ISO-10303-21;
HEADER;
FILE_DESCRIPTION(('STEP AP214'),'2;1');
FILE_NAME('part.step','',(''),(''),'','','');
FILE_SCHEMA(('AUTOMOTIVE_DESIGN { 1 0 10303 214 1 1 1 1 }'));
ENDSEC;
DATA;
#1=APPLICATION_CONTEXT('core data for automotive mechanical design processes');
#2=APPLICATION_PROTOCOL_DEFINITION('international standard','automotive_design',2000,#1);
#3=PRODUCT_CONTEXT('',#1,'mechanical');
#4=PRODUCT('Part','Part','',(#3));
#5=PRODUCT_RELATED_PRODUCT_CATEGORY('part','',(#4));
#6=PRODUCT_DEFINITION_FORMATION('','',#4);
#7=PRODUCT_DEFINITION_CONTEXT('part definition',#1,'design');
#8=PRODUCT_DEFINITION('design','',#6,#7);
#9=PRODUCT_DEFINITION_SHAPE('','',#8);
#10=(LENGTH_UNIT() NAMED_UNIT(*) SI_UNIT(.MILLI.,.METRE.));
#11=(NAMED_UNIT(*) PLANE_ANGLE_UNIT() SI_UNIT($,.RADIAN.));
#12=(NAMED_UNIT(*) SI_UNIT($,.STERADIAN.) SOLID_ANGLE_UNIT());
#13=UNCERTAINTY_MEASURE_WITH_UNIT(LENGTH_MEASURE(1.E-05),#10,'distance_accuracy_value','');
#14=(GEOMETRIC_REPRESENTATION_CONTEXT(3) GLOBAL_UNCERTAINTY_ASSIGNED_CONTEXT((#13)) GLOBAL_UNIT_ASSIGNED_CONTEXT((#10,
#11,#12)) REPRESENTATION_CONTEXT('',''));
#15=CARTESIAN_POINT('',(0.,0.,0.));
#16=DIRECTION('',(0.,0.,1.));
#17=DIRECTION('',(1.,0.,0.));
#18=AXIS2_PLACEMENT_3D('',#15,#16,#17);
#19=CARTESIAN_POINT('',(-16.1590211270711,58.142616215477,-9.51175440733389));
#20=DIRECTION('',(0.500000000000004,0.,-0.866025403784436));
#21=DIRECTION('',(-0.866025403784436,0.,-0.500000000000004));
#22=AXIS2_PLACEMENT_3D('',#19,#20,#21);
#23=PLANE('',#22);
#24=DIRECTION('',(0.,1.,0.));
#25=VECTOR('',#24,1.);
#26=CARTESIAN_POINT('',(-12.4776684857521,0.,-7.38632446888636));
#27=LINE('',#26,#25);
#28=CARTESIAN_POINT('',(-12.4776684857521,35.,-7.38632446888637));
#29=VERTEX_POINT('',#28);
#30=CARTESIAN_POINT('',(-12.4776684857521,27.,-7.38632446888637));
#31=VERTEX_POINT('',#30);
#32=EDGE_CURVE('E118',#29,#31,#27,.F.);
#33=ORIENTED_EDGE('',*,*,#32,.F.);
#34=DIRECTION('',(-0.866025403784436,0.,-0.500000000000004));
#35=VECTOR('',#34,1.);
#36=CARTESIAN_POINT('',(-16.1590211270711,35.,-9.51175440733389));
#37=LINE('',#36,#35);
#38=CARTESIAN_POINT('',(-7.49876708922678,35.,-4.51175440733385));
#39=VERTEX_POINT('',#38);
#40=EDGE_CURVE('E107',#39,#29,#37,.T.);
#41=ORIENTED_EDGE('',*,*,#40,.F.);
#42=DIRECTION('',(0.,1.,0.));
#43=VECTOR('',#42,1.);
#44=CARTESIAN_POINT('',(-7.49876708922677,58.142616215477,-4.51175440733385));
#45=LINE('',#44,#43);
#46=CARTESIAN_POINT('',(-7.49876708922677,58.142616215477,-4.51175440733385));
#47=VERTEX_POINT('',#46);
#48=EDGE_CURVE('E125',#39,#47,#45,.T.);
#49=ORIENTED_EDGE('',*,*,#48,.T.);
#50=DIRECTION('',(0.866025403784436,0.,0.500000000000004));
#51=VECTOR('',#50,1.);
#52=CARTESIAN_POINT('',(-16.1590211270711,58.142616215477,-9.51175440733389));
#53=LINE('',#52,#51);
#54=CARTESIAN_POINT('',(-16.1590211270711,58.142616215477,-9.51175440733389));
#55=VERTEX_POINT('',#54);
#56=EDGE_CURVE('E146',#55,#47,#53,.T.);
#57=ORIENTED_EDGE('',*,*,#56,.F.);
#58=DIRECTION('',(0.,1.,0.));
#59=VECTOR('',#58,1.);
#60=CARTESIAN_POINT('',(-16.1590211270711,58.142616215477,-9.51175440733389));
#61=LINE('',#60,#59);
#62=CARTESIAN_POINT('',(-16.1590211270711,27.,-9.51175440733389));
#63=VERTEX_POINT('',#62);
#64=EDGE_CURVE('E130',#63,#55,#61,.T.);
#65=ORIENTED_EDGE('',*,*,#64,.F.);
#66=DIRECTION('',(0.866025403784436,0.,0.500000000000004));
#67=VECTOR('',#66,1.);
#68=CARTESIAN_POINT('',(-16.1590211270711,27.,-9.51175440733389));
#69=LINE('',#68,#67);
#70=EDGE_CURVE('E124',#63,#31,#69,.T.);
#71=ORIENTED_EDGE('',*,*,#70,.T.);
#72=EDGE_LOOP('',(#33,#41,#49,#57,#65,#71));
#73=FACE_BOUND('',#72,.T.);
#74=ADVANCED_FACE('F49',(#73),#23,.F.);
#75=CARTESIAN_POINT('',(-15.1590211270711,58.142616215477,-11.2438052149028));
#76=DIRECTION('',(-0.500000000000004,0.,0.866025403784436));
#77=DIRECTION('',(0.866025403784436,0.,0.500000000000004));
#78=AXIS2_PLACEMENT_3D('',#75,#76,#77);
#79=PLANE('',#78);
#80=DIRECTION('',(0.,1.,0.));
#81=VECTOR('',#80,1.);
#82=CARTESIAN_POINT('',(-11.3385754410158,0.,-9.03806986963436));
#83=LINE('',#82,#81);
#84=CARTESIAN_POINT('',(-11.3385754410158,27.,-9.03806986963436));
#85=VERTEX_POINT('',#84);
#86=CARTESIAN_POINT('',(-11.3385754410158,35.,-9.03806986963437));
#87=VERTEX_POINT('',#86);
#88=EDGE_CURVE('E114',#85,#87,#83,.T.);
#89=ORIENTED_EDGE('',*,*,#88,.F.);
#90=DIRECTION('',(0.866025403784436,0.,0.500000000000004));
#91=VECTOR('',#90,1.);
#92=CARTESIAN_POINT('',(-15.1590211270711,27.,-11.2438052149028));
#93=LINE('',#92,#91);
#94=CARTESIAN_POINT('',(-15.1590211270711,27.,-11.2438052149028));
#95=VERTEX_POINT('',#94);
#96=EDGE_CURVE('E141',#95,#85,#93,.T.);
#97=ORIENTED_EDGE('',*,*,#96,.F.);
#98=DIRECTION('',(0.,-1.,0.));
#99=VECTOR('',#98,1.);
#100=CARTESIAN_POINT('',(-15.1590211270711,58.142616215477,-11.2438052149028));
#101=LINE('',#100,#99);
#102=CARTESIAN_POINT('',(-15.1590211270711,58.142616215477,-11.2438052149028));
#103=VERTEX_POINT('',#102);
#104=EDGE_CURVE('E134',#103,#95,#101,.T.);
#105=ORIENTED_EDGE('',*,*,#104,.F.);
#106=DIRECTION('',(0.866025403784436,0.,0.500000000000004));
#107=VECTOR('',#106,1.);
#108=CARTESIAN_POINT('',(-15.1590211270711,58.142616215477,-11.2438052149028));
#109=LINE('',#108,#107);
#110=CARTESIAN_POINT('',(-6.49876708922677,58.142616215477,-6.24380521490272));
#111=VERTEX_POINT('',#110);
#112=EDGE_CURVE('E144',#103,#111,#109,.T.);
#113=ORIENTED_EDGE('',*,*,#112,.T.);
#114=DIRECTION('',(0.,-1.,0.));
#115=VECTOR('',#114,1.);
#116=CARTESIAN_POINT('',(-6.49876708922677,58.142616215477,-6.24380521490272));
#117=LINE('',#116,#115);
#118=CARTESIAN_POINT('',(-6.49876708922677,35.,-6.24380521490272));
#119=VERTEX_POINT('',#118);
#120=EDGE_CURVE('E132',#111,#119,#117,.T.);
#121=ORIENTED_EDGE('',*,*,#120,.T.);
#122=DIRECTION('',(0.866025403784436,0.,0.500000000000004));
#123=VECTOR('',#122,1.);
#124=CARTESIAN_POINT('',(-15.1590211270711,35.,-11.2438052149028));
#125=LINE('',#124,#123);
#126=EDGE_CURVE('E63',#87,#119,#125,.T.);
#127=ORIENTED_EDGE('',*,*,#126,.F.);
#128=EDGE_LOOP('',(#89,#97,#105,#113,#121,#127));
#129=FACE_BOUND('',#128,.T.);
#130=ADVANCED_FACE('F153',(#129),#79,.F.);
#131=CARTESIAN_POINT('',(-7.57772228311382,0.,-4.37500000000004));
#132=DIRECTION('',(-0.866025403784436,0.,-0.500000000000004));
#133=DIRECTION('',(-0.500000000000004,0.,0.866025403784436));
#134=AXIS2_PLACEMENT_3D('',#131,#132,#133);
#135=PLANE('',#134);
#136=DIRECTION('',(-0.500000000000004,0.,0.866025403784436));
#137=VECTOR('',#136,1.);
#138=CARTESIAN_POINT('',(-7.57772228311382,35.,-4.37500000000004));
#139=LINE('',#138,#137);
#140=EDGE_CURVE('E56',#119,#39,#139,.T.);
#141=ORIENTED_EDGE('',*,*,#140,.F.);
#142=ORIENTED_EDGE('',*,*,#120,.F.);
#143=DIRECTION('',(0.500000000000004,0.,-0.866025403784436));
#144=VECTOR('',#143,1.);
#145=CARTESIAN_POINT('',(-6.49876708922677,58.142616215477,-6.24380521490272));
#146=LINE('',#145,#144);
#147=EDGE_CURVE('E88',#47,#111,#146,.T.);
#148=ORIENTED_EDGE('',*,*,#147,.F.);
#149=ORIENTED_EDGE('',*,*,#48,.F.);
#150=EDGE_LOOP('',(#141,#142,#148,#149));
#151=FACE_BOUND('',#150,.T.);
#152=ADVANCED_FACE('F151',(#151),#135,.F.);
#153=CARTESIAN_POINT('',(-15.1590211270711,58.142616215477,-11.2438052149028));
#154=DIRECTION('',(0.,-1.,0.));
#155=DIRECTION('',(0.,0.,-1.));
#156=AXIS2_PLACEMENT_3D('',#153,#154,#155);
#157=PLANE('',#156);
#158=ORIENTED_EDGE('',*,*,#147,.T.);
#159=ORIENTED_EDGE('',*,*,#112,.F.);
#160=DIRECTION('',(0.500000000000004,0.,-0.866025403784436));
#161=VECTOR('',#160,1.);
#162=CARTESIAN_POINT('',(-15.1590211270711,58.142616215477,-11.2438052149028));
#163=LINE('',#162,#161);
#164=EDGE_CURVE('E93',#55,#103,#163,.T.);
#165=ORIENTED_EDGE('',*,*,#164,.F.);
══════════════════════════════
YOUR GOAL: Repeat only the stretch of lines that begins at the line containing "#161=VECTOR('',#160,1.);" and ends at the last line above, both included.

SOLUTION:
#161=VECTOR('',#160,1.);
#162=CARTESIAN_POINT('',(-15.1590211270711,58.142616215477,-11.2438052149028));
#163=LINE('',#162,#161);
#164=EDGE_CURVE('E93',#55,#103,#163,.T.);
#165=ORIENTED_EDGE('',*,*,#164,.F.);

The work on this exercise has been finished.